For the listing below, give the number of lines that hold the string "ezdxf", without anything else.
________
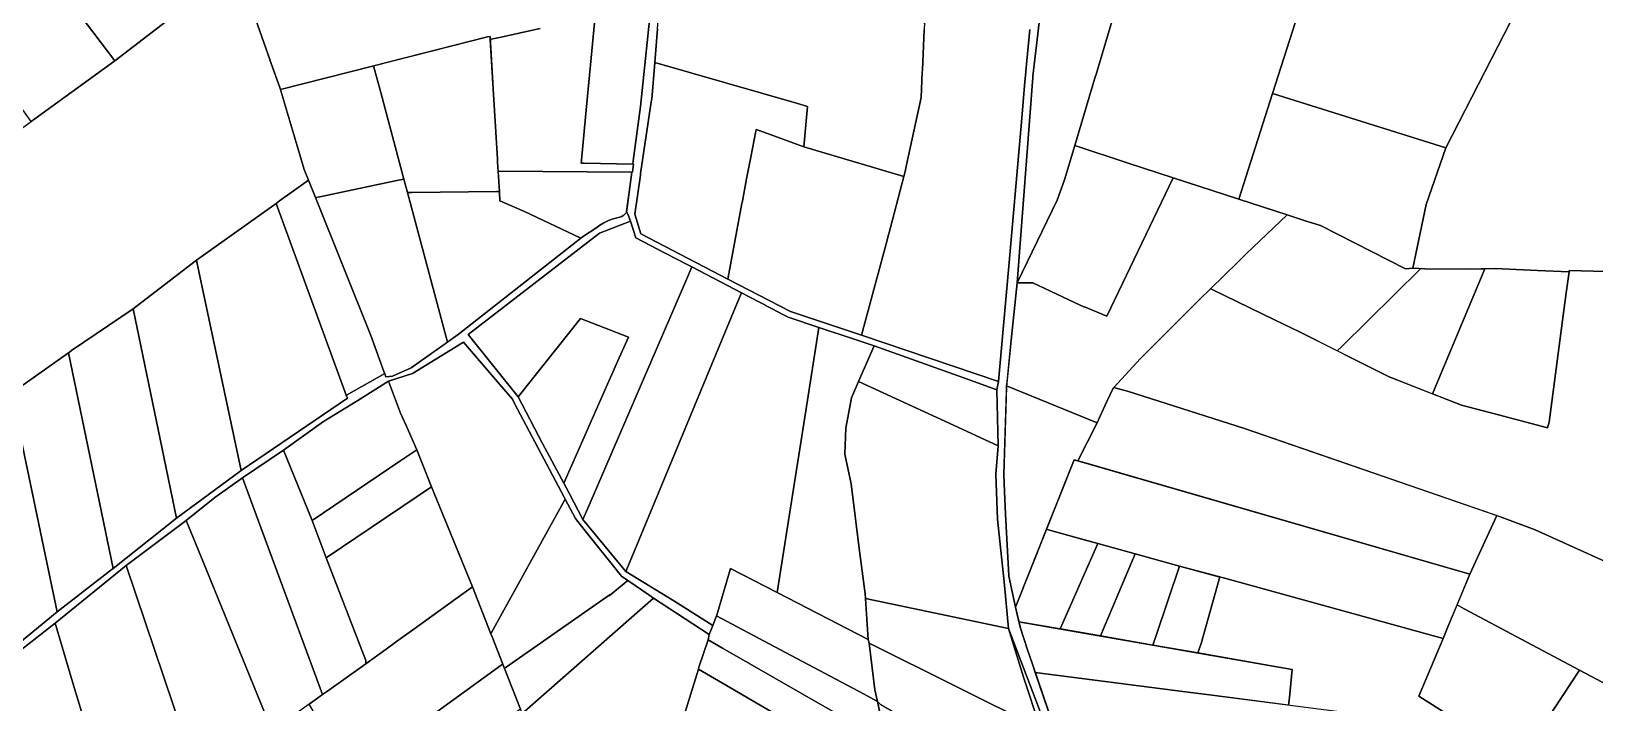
# Model space of a CAD drawing. Header units: metres. Extents: x 3 to 1005126, y 39 to 4383651.
# Drawn here: x 490819 to 491607, y 4373700 to 4374039 of the extents above; entities that cross this region are included whole.
import ezdxf

# ---------------------------------------------------------------- set-up
doc = ezdxf.new("R2010")
doc.units = ezdxf.units.M
doc.header["$MEASUREMENT"] = 0
doc.layers.add('TM_Llucmajor', color=7, linetype='Continuous')

msp = doc.modelspace()

# ---------------------------------------------------------------- linework, layer by layer
at = {"layer": 'TM_Llucmajor', "linetype": 'Continuous', "flags": 128}
for points in [[(491532.18, 4373979.87), (491444.87, 4374007.21), (491462.16, 4374061.35), (491469.44, 4374084.18), (491497.53, 4374105.73), (491506, 4374112.24), (491570.76, 4374161.94), (491644.91, 4374219.02), (491660.82, 4374231.28), (491597.71, 4374107.82), (491597.67, 4374107.74), (491532.18, 4373979.87)], [(490861.17, 4374023.66), (490805.61, 4374097.14), (490873.88, 4374122.84), (490895.07, 4374130.82), (490900.63, 4374132.92), (490923.16, 4374071.43), (490900.99, 4374054.35), (490861.17, 4374023.66)], [(491098.49, 4373995.38), (491102.94, 4374042.95), (491105.13, 4374066.38), (491104.8, 4374066.31), (491105.06, 4374070.41), (491105.4, 4374072.31), (491107.74, 4374100.08), (491136.8, 4374106.43), (491133.72, 4374073.54), (491126.22, 4374000.74), (491122.56, 4373973.26), (491122.35, 4373971.67), (491097.75, 4373972.2), (491096.32, 4373972.19), (491096.46, 4373973.7), (491098.49, 4373995.38)], [(490805.61, 4374097.14), (490861.17, 4374023.66), (490819.06, 4373993.22), (490788.78, 4374035.34), (490794.02, 4374037.12), (490805.98, 4374041.18), (490792.34, 4374093.39), (490805.61, 4374097.14)], [(491371.58, 4373972.39), (491345.14, 4373981.01), (491355.64, 4374016.17), (491355.68, 4374016.29), (491365.73, 4374049.83), (491373.27, 4374047.01), (491384.91, 4374085.87), (491433.89, 4374070.28), (491462.16, 4374061.35), (491444.87, 4374007.21), (491427.89, 4373954.02), (491394.73, 4373964.84), (491371.58, 4373972.39)], [(491204.84, 4374002.4), (491133.45, 4374022.98), (491134.7, 4374039.92), (491137.72, 4374079.02), (491170.8, 4374070.41), (491172.87, 4374069.87), (491176.59, 4374068.83), (491180.34, 4374067.78), (491189.9, 4374065.1), (491218.75, 4374057.03), (491269.4, 4374042.84), (491269.24, 4374039.3), (491268.32, 4374019.08), (491268.27, 4374017.95), (491267.69, 4374005.3), (491260.3, 4373971.29), (491259.59, 4373968.03), (491259.02, 4373965.42), (491208.56, 4373980.36), (491210.39, 4374000.8), (491204.84, 4374002.4)], [(491316.09, 4373911.87), (491323.93, 4374015.29), (491323.98, 4374015.98), (491329.31, 4374061.79), (491365.73, 4374049.83), (491355.68, 4374016.29), (491355.64, 4374016.17), (491345.14, 4373981.01), (491339.88, 4373963.83), (491336.17, 4373953.51), (491316.09, 4373911.87)], [(491010.99, 4373957.43), (491008.7, 4373957.41), (491006.89, 4373964.16), (490995.22, 4374007.72), (490991.61, 4374021.18), (491049.15, 4374035.78), (491050.33, 4374036.08), (491051.93, 4374009.61), (491053.9, 4373976.95), (491054.05, 4373974.43), (491054.16, 4373972.72), (491055.05, 4373957.95), (491053.84, 4373957.96), (491010.99, 4373957.43)], [(491006.89, 4373964.16), (491003.41, 4373963.42), (490964.46, 4373955.22), (490962.37, 4373954.78), (490958.82, 4373963.66), (490956.68, 4373969.01), (490944.74, 4374009.29), (490991.04, 4374021.04), (490991.61, 4374021.18), (490995.22, 4374007.72), (491006.89, 4373964.16)], [(491126.35, 4373936.58), (491123.29, 4373946.42), (491126.15, 4373966.08), (491126.27, 4373966.91), (491131.82, 4374004.12), (491131.87, 4374004.43), (491133.45, 4374022.98), (491204.84, 4374002.4), (491210.39, 4374000.8), (491208.56, 4373980.36), (491186.5, 4373988.43), (491186.23, 4373988.53), (491186.03, 4373988.6), (491184.52, 4373989.15), (491184.34, 4373988.21), (491181.81, 4373975.13), (491179.72, 4373964.31), (491177.38, 4373952.2), (491177.3, 4373951.77), (491170.2, 4373913.73), (491126.35, 4373936.58)], [(491522.33, 4373951.39), (491515.54, 4373919.3), (491511.88, 4373918.83), (491469.01, 4373940.69), (491461.24, 4373943.17), (491457.82, 4373944.27), (491452.14, 4373946.12), (491427.89, 4373954.02), (491444.87, 4374007.21), (491532.18, 4373979.87), (491522.33, 4373951.39)], [(491201.81, 4373897.35), (491170.2, 4373913.73), (491177.3, 4373951.77), (491177.38, 4373952.2), (491179.72, 4373964.31), (491181.81, 4373975.13), (491184.34, 4373988.21), (491184.52, 4373989.15), (491186.03, 4373988.6), (491186.23, 4373988.53), (491186.5, 4373988.43), (491208.56, 4373980.36), (491259.02, 4373965.42), (491251.34, 4373936.57), (491251.23, 4373936.17), (491250.49, 4373933.42), (491237.66, 4373885.55), (491201.81, 4373897.35)], [(491339.88, 4373963.83), (491345.14, 4373981.01), (491371.58, 4373972.39), (491394.73, 4373964.84), (491361.3, 4373895.04), (491350.02, 4373899.68), (491349.76, 4373899.8), (491347.92, 4373900.67), (491323.98, 4373911.9), (491316.09, 4373911.87), (491336.17, 4373953.51), (491339.88, 4373963.83)], [(491054.44, 4373968.05), (491121.82, 4373967.7), (491120.46, 4373957.47), (491119.11, 4373947.34), (491118.54, 4373946.61), (491117.75, 4373945.89), (491117.53, 4373945.74), (491116.84, 4373945.34), (491115.84, 4373944.97), (491114.22, 4373944.63), (491111.96, 4373943.97), (491110.14, 4373943.28), (491109.77, 4373943.12), (491107.67, 4373942.08), (491105.66, 4373940.86), (491103.76, 4373939.47), (491096.96, 4373935.03), (491096.16, 4373934.4), (491067.75, 4373947.84), (491055.34, 4373953.18), (491055.09, 4373957.3), (491055.05, 4373957.95), (491054.44, 4373968.05)], [(490977.92, 4373855.21), (490977.89, 4373855.19), (490942.49, 4373951.86), (490944.24, 4373953.1), (490950.56, 4373957.68), (490958.82, 4373963.66), (490962.37, 4373954.78), (490990.2, 4373885.3), (490996.87, 4373867.19), (490997.25, 4373866.16), (490977.92, 4373855.21)], [(491028.92, 4373881.95), (491010.67, 4373869.02), (491001.21, 4373864.79), (490997.84, 4373864.54), (490997.48, 4373865.51), (490996.87, 4373867.19), (490990.2, 4373885.3), (490962.37, 4373954.78), (490964.46, 4373955.22), (491003.41, 4373963.42), (491006.89, 4373964.16), (491008.7, 4373957.41), (491028.92, 4373881.95)], [(491361.46, 4373852.3), (491357.51, 4373843.92), (491356.4, 4373841.26), (491310.79, 4373859.99), (491310.99, 4373862), (491313.09, 4373882.98), (491316.09, 4373911.87), (491323.98, 4373911.9), (491347.92, 4373900.67), (491349.76, 4373899.8), (491350.02, 4373899.68), (491361.3, 4373895.04), (491394.73, 4373964.84), (491427.89, 4373954.02), (491452.14, 4373946.12), (491431.46, 4373926.51), (491427.39, 4373922.2), (491413.55, 4373908.81), (491407.97, 4373903.42), (491378.33, 4373873.65), (491364.76, 4373859.03), (491364.51, 4373858.77), (491361.46, 4373852.3)], [(490978.42, 4373853.73), (490924.84, 4373817.19), (490903.54, 4373917.56), (490902.32, 4373923.29), (490942.49, 4373951.86), (490977.89, 4373855.19), (490978.42, 4373853.73)], [(491010.99, 4373957.43), (491053.84, 4373957.96), (491055.05, 4373957.95), (491055.09, 4373957.3), (491055.34, 4373953.18), (491067.75, 4373947.84), (491096.16, 4373934.4), (491034.27, 4373885.74), (491028.92, 4373881.95), (491008.7, 4373957.41), (491010.99, 4373957.43)], [(491064.47, 4373854.38), (491039.25, 4373885.76), (491105.51, 4373936.92), (491121.13, 4373942.94), (491123.86, 4373934.47), (491138.68, 4373926.77), (491149.37, 4373921.23), (491152.01, 4373919.86), (491149.83, 4373914.79), (491100.32, 4373799.8), (491097.17, 4373792.49), (491090.18, 4373805.78), (491087.52, 4373810.84), (491095.23, 4373828.28), (491105.73, 4373852), (491115.48, 4373874.05), (491120.08, 4373884.45), (491096.03, 4373893.95), (491064.47, 4373854.38)], [(491427.39, 4373922.2), (491431.46, 4373926.51), (491452.14, 4373946.12), (491457.82, 4373944.27), (491461.24, 4373943.17), (491469.01, 4373940.69), (491511.88, 4373918.83), (491515.54, 4373919.3), (491519.51, 4373919.1), (491479.73, 4373879.78), (491477.46, 4373877.62), (491458.44, 4373887.16), (491445.86, 4373893.23), (491414.32, 4373908.44), (491413.55, 4373908.81), (491427.39, 4373922.2)], [(490885.07, 4373828.17), (490870.43, 4373898.69), (490902.32, 4373923.29), (490903.54, 4373917.56), (490924.84, 4373817.19), (490892.33, 4373793.24), (490885.07, 4373828.17)], [(491118.83, 4373766.36), (491097.17, 4373792.49), (491100.32, 4373799.8), (491149.83, 4373914.79), (491152.01, 4373919.86), (491177.15, 4373906.79), (491174.84, 4373901.21), (491122.66, 4373775.58), (491118.83, 4373766.36)], [(491479.73, 4373879.78), (491519.51, 4373919.1), (491521.67, 4373918.99), (491542.64, 4373918.79), (491551.69, 4373918.95), (491551.92, 4373918.96), (491537.53, 4373884.73), (491525.42, 4373855.92), (491525.23, 4373855.99), (491503.67, 4373864.47), (491477.46, 4373877.62), (491479.73, 4373879.78)], [(491551.92, 4373918.96), (491557.09, 4373919.05), (491578.44, 4373918.14), (491594.31, 4373917.46), (491592.87, 4373906.83), (491591.01, 4373892.88), (491584.22, 4373841.67), (491583.47, 4373838.75), (491558.77, 4373845.24), (491540.1, 4373850.15), (491525.42, 4373855.92), (491537.53, 4373884.73), (491551.92, 4373918.96)], [(491162.68, 4373739.19), (491142.92, 4373751.62), (491118.83, 4373766.36), (491122.66, 4373775.58), (491174.84, 4373901.21), (491177.15, 4373906.79), (491185.88, 4373902.24), (491189.18, 4373900.52), (491189.23, 4373900.5), (491192.53, 4373898.78), (491198.28, 4373895.78), (491200.62, 4373894.56), (491216.09, 4373889.4), (491209.52, 4373847.42), (491200.84, 4373792.02), (491195.16, 4373755.76), (491171.63, 4373767.94), (491167.93, 4373755.3), (491164.74, 4373744.4), (491164.56, 4373743.95), (491162.68, 4373739.19)], [(490860.31, 4373767.81), (490837.85, 4373876.61), (490838.27, 4373876.9), (490839.36, 4373877.67), (490870.43, 4373898.69), (490885.07, 4373828.17), (490892.33, 4373793.24), (490860.31, 4373767.81)], [(491076.87, 4373830.95), (491064.47, 4373854.38), (491096.03, 4373893.95), (491120.08, 4373884.45), (491115.48, 4373874.05), (491105.73, 4373852), (491095.23, 4373828.28), (491087.52, 4373810.84), (491076.87, 4373830.95)], [(491240.95, 4373732.07), (491195.16, 4373755.76), (491200.84, 4373792.02), (491209.52, 4373847.42), (491216.09, 4373889.4), (491233.98, 4373883.45), (491244, 4373880.13), (491236.14, 4373862.16), (491232.65, 4373853.91), (491229.74, 4373838.67), (491229.19, 4373825.48), (491232.33, 4373810.59), (491236.66, 4373776.55), (491236.81, 4373775.42), (491239.43, 4373755.1), (491240.95, 4373732.07)], [(491051.14, 4373735.54), (491050.79, 4373734.91), (491041.47, 4373758.62), (491020.81, 4373809.08), (491016.25, 4373820.43), (491013.38, 4373827.6), (491007.99, 4373839.94), (491005.28, 4373846.14), (490999.12, 4373862.37), (491011.24, 4373866.21), (491037.05, 4373881.89), (491055.07, 4373860.83), (491061.61, 4373853.18), (491062.76, 4373851.03), (491087.8, 4373803.76), (491088.29, 4373802.83), (491051.14, 4373735.54)], [(491281.87, 4373841.07), (491236.14, 4373862.16), (491244, 4373880.13), (491288.62, 4373864.17), (491305.91, 4373857.98), (491306.58, 4373829.69), (491281.87, 4373841.07)], [(490830.1, 4373755.58), (490809.15, 4373856.23), (490837.85, 4373876.61), (490860.31, 4373767.81), (490859.25, 4373766.97), (490832.1, 4373745.96), (490830.1, 4373755.58)], [(490801.74, 4373721.1), (490779.7, 4373833.36), (490783.57, 4373836.36), (490809.15, 4373856.23), (490830.1, 4373755.58), (490832.1, 4373745.96), (490801.74, 4373721.1)], [(490960.6, 4373792.06), (490946.27, 4373827.54), (490966.33, 4373841.97), (490983.66, 4373852.55), (490999.12, 4373862.37), (491005.28, 4373846.14), (491007.99, 4373839.94), (491013.38, 4373827.6), (491005.45, 4373822.27), (490960.6, 4373792.06)], [(491311.79, 4373737.65), (491239.58, 4373752.83), (491239.43, 4373755.1), (491236.81, 4373775.42), (491236.66, 4373776.55), (491232.33, 4373810.59), (491229.19, 4373825.48), (491229.74, 4373838.67), (491232.65, 4373853.91), (491236.14, 4373862.16), (491281.87, 4373841.07), (491306.58, 4373829.69), (491305.37, 4373815.39), (491306.2, 4373792.69), (491306.54, 4373789.47), (491309.52, 4373761.2), (491311.79, 4373737.65)], [(491310.68, 4373857.21), (491310.75, 4373859.57), (491310.79, 4373859.99), (491356.4, 4373841.26), (491346.67, 4373822.16), (491344.75, 4373822.71), (491315.33, 4373748.45), (491311.94, 4373763.99), (491311.91, 4373764.25), (491310.21, 4373795.33), (491309.72, 4373806.69), (491309.41, 4373815.2), (491310.68, 4373857.21)], [(491361.46, 4373852.3), (491364.51, 4373858.77), (491364.76, 4373859.03), (491365.33, 4373858.88), (491371.68, 4373857.21), (491430.76, 4373838.35), (491557.86, 4373794.56), (491544.36, 4373765.06), (491349.23, 4373821.42), (491346.67, 4373822.16), (491356.4, 4373841.26), (491357.51, 4373843.92), (491361.46, 4373852.3)], [(490965.93, 4373704.31), (490925.61, 4373813.54), (490946.27, 4373827.54), (490960.6, 4373792.06), (490967.7, 4373773.24), (490987.72, 4373721.52), (490987.73, 4373719.82), (490967.97, 4373705.76), (490965.93, 4373704.31)], [(490967.7, 4373773.24), (490960.6, 4373792.06), (491005.45, 4373822.27), (491013.38, 4373827.6), (491016.25, 4373820.43), (491020.81, 4373809.08), (490967.7, 4373773.24)], [(491533.23, 4373738.47), (491530.77, 4373732.58), (491420.1, 4373763.12), (491397.9, 4373768.99), (491375.65, 4373775.23), (491356.68, 4373780.41), (491332.35, 4373787.25), (491330.87, 4373787.67), (491344.75, 4373822.71), (491544.36, 4373765.06), (491533.23, 4373738.47)], [(490905.67, 4373771.17), (490897.12, 4373792.13), (490911.61, 4373803.72), (490925.61, 4373813.54), (490965.93, 4373704.31), (490962.18, 4373701.65), (490956.8, 4373697.83), (490951.9, 4373694.35), (490949.23, 4373692.37), (490940.48, 4373685.86), (490905.67, 4373771.17)], [(490987.72, 4373721.52), (490967.7, 4373773.24), (491020.81, 4373809.08), (491041.47, 4373758.62), (491033.04, 4373752.53), (491011.97, 4373737.32), (491003.26, 4373731.03), (490998.05, 4373727.27), (490987.73, 4373719.82), (490987.72, 4373721.52)], [(491058.44, 4373718.1), (491057.63, 4373717.53), (491056.79, 4373719.64), (491051.37, 4373733.44), (491050.79, 4373734.91), (491051.14, 4373735.54), (491088.29, 4373802.83), (491093.43, 4373793.13), (491097.65, 4373787.65), (491116.66, 4373764.02), (491119.85, 4373761.83), (491110.32, 4373754.17), (491110.95, 4373754.85), (491098.12, 4373745.83), (491058.44, 4373718.1)], [(491657.41, 4373686.03), (491599.55, 4373716.65), (491541.41, 4373747.59), (491537.84, 4373749.49), (491544.36, 4373765.06), (491557.86, 4373794.56), (491560.65, 4373793.6), (491577.27, 4373787.29), (491624.75, 4373765.8), (491673.22, 4373743.87), (491684.16, 4373738.92), (491664.41, 4373699.81), (491657.41, 4373686.03)], [(490872.02, 4373754.39), (490866.98, 4373769.36), (490897.12, 4373792.13), (490905.67, 4373771.17), (490940.48, 4373685.86), (490944.13, 4373679.11), (490950.93, 4373666.56), (490911.84, 4373634.07), (490905.64, 4373652.78), (490900.87, 4373667.58), (490895.19, 4373685.67), (490872.02, 4373754.39)], [(491322.49, 4373766.52), (491330.87, 4373787.67), (491332.35, 4373787.25), (491351.7, 4373781.81), (491356.68, 4373780.41), (491340.43, 4373743.47), (491337.84, 4373737.42), (491317, 4373741.05), (491315.33, 4373748.45), (491322.49, 4373766.52)], [(491356.68, 4373780.41), (491375.65, 4373775.23), (491360.43, 4373739.54), (491358.09, 4373733.89), (491337.84, 4373737.42), (491340.43, 4373743.47), (491356.68, 4373780.41)], [(490840.78, 4373707.82), (490831.18, 4373740.38), (490866.98, 4373769.36), (490872.02, 4373754.39), (490895.19, 4373685.67), (490856, 4373656.64), (490850.93, 4373673.68), (490844.34, 4373695.87), (490840.78, 4373707.82)], [(491360.43, 4373739.54), (491375.65, 4373775.23), (491397.9, 4373768.99), (491386.27, 4373734.6), (491384.42, 4373729.3), (491358.09, 4373733.89), (491360.43, 4373739.54)], [(491407.2, 4373725.34), (491384.42, 4373729.3), (491386.27, 4373734.6), (491397.9, 4373768.99), (491417.83, 4373763.72), (491418.22, 4373763.62), (491408.81, 4373730.09), (491407.2, 4373725.34)], [(491058.44, 4373718.1), (491098.12, 4373745.83), (491110.95, 4373754.85), (491110.32, 4373754.17), (491119.85, 4373761.83), (491130.36, 4373754.61), (491132.82, 4373752.99), (491067.77, 4373695.79), (491066.64, 4373694.79), (491066.34, 4373695.49), (491065.7, 4373696.99), (491057.63, 4373717.53), (491058.44, 4373718.1)], [(491195.16, 4373755.76), (491240.95, 4373732.07), (491241.4, 4373730.21), (491244.32, 4373706.73), (491245.76, 4373700.89), (491238.97, 4373704.49), (491199.34, 4373725.5), (491166.98, 4373742.67), (491164.56, 4373743.95), (491164.74, 4373744.4), (491167.93, 4373755.3), (491171.63, 4373767.94), (491195.16, 4373755.76)], [(491051.37, 4373733.44), (491056.79, 4373719.64), (491056.04, 4373719.1), (490982.56, 4373665.87), (490980.04, 4373664.05), (490977.12, 4373669.04), (490972.39, 4373677.11), (490959.24, 4373699.56), (490962.18, 4373701.65), (490965.93, 4373704.31), (490967.97, 4373705.76), (490987.73, 4373719.82), (490998.05, 4373727.27), (491003.26, 4373731.03), (491011.97, 4373737.32), (491033.04, 4373752.53), (491041.47, 4373758.62), (491050.79, 4373734.91), (491051.37, 4373733.44)], [(491160.85, 4373734.57), (491160.28, 4373731.91), (491160.27, 4373731.89), (491155.69, 4373718.06), (491155.37, 4373717.08), (491143.24, 4373677.65), (491141.64, 4373671.88), (491133.77, 4373642.7), (491084.81, 4373656.05), (491083.08, 4373656.52), (491082.42, 4373658.06), (491073.58, 4373678.64), (491068.85, 4373689.65), (491067.58, 4373692.6), (491066.64, 4373694.79), (491067.77, 4373695.79), (491132.82, 4373752.99), (491160.85, 4373734.57)], [(491327.58, 4373688.27), (491327.92, 4373687.26), (491241.4, 4373730.21), (491240.95, 4373732.07), (491239.58, 4373752.83), (491311.79, 4373737.65), (491319.33, 4373713.02), (491327.58, 4373688.27)], [(491599.55, 4373716.65), (491573.37, 4373676.78), (491570.19, 4373671.94), (491569.61, 4373671.06), (491518.61, 4373703.45), (491530.77, 4373732.58), (491533.23, 4373738.47), (491537.84, 4373749.49), (491541.41, 4373747.59), (491599.55, 4373716.65)], [(490808.52, 4373686.06), (490802.35, 4373718), (490831.18, 4373740.38), (490840.78, 4373707.82), (490844.34, 4373695.87), (490850.93, 4373673.68), (490856, 4373656.64), (490819.08, 4373631.4), (490808.52, 4373686.06)], [(491249.25, 4373681.11), (491249, 4373681.13), (491247.9, 4373681.61), (491167.47, 4373727.78), (491160.28, 4373731.91), (491160.85, 4373734.57), (491162.68, 4373739.19), (491164.56, 4373743.95), (491166.98, 4373742.67), (491199.34, 4373725.5), (491238.97, 4373704.49), (491245.76, 4373700.89), (491247.03, 4373694.53), (491250.21, 4373681.01), (491249.25, 4373681.11)], [(491444.21, 4373718.89), (491454.77, 4373716.9), (491453.3, 4373702.89), (491452.89, 4373699.05), (491413.07, 4373704.18), (491401, 4373705.74), (491325.18, 4373715.52), (491323.57, 4373720.24), (491321.33, 4373726.85), (491317.74, 4373737.77), (491317, 4373741.05), (491444.21, 4373718.89)], [(491249.25, 4373681.11), (491250.21, 4373681.01), (491250.4, 4373680.45), (491251, 4373678.64), (491258.53, 4373657.26), (491204.67, 4373688.49), (491155.37, 4373717.08), (491155.69, 4373718.06), (491160.27, 4373731.89), (491160.28, 4373731.91), (491167.47, 4373727.78), (491247.9, 4373681.61), (491249, 4373681.13), (491249.25, 4373681.11)], [(491343.84, 4373646.07), (491344.58, 4373644.17), (491345.16, 4373642.39), (491247.36, 4373699.16), (491245.76, 4373700.89), (491244.32, 4373706.73), (491241.4, 4373730.21), (491327.92, 4373687.26), (491329.97, 4373681.12), (491343.84, 4373646.07)], [(491065.7, 4373696.99), (491055.6, 4373690.22), (491005.43, 4373656.57), (490996.29, 4373650.43), (490992.93, 4373648.18), (490982.56, 4373665.87), (491056.04, 4373719.1), (491056.79, 4373719.64), (491057.63, 4373717.53), (491065.7, 4373696.99)], [(491204.67, 4373688.49), (491258.53, 4373657.26), (491258.67, 4373657.18), (491259.09, 4373655.64), (491264.38, 4373636.3), (491265.01, 4373633.35), (491266.96, 4373607.92), (491266.73, 4373605.45), (491266.26, 4373602.92), (491236.61, 4373620.93), (491232.26, 4373623.58), (491187.83, 4373650.57), (491145.76, 4373676.13), (491143.24, 4373677.65), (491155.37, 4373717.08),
________
* _Answer space_: 3